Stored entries
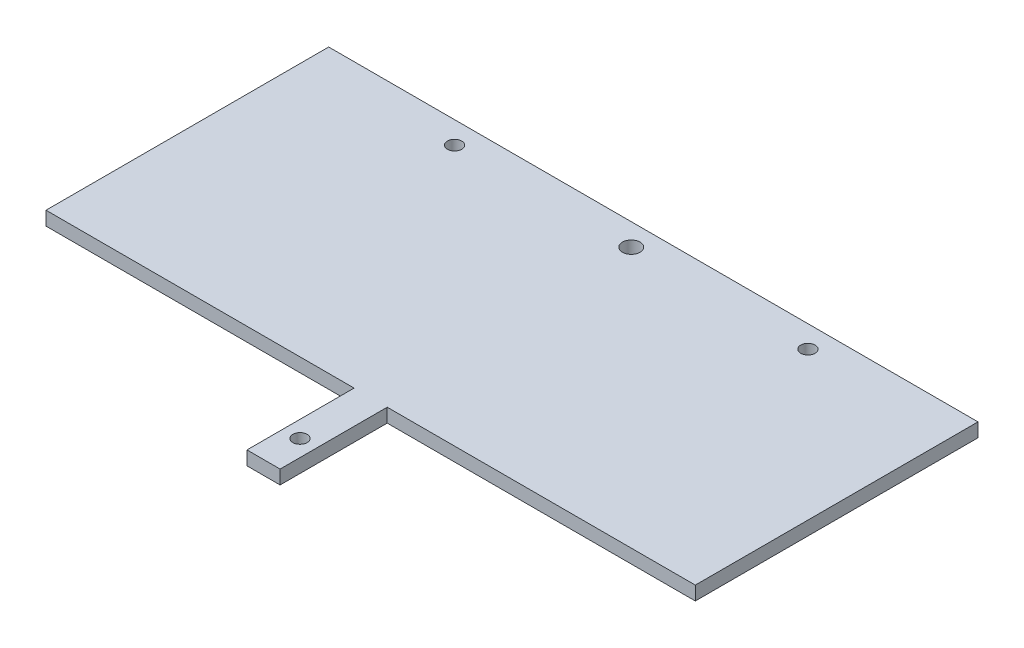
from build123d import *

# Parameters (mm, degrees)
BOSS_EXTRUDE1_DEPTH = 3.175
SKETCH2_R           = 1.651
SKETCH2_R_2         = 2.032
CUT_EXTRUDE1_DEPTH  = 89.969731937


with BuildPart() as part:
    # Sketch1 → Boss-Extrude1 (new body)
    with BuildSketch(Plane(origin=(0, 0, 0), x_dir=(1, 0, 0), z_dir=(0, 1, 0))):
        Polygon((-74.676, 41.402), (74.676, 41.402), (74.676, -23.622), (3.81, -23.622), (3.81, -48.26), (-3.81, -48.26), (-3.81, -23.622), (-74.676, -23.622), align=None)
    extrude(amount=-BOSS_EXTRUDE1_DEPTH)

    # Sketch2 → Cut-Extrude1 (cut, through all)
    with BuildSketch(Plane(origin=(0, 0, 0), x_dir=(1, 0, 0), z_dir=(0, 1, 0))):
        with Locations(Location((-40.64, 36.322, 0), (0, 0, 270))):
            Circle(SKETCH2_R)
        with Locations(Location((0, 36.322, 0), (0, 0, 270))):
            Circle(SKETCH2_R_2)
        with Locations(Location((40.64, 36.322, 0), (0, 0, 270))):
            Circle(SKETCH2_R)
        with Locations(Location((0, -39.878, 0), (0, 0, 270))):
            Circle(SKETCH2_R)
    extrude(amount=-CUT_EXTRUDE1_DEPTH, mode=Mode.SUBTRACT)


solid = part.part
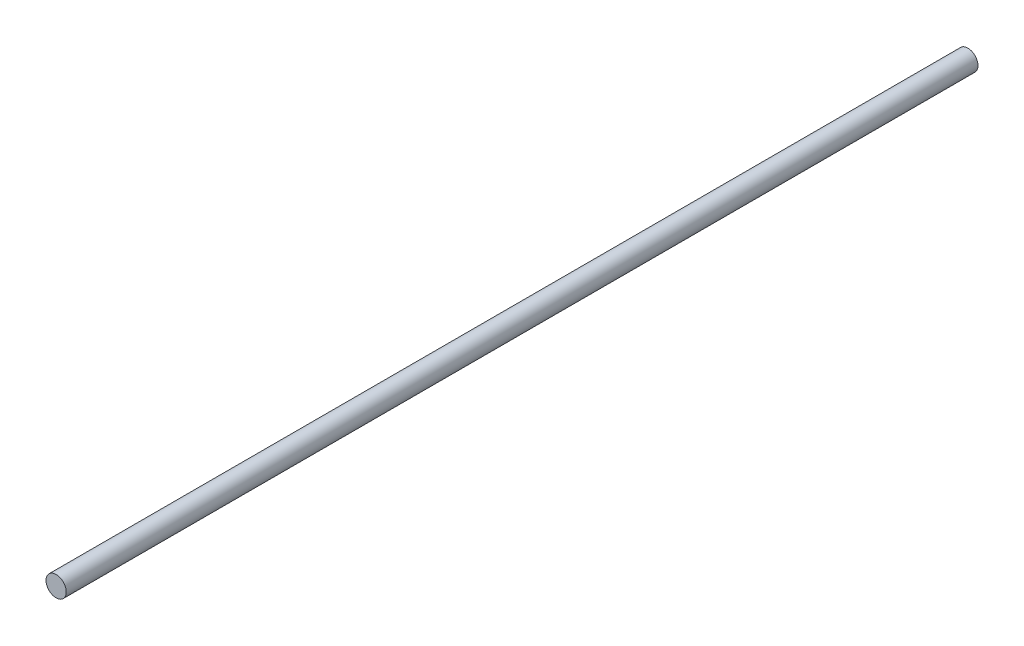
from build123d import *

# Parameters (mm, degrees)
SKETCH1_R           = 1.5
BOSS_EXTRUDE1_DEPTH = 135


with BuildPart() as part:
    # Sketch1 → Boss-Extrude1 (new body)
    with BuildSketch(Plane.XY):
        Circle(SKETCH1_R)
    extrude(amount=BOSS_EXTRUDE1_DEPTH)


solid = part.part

## The task
The response should repeat every entry above exactly and include none of the pictures.

## Solution for this exercise
from build123d import *

# Parameters (mm, degrees)
BOSS_EXTRUDE1_DEPTH = 3.175
SKETCH2_R           = 1.651
SKETCH2_R_2         = 2.032
CUT_EXTRUDE1_DEPTH  = 89.969731937


with BuildPart() as part:
    # Sketch1 → Boss-Extrude1 (new body)
    with BuildSketch(Plane(origin=(0, 0, 0), x_dir=(1, 0, 0), z_dir=(0, 1, 0))):
        Polygon((-74.676, 41.402), (74.676, 41.402), (74.676, -23.622), (3.81, -23.622), (3.81, -48.26), (-3.81, -48.26), (-3.81, -23.622), (-74.676, -23.622), align=None)
    extrude(amount=-BOSS_EXTRUDE1_DEPTH)

    # Sketch2 → Cut-Extrude1 (cut, through all)
    with BuildSketch(Plane(origin=(0, 0, 0), x_dir=(1, 0, 0), z_dir=(0, 1, 0))):
        with Locations(Location((-40.64, 36.322, 0), (0, 0, 270))):
            Circle(SKETCH2_R)
        with Locations(Location((0, 36.322, 0), (0, 0, 270))):
            Circle(SKETCH2_R_2)
        with Locations(Location((40.64, 36.322, 0), (0, 0, 270))):
            Circle(SKETCH2_R)
        with Locations(Location((0, -39.878, 0), (0, 0, 270))):
            Circle(SKETCH2_R)
    extrude(amount=-CUT_EXTRUDE1_DEPTH, mode=Mode.SUBTRACT)


solid = part.part
from build123d import *

# Parameters (mm, degrees)
SKETCH1_R           = 1.5
BOSS_EXTRUDE1_DEPTH = 135


with BuildPart() as part:
    # Sketch1 → Boss-Extrude1 (new body)
    with BuildSketch(Plane.XY):
        Circle(SKETCH1_R)
    extrude(amount=BOSS_EXTRUDE1_DEPTH)


solid = part.part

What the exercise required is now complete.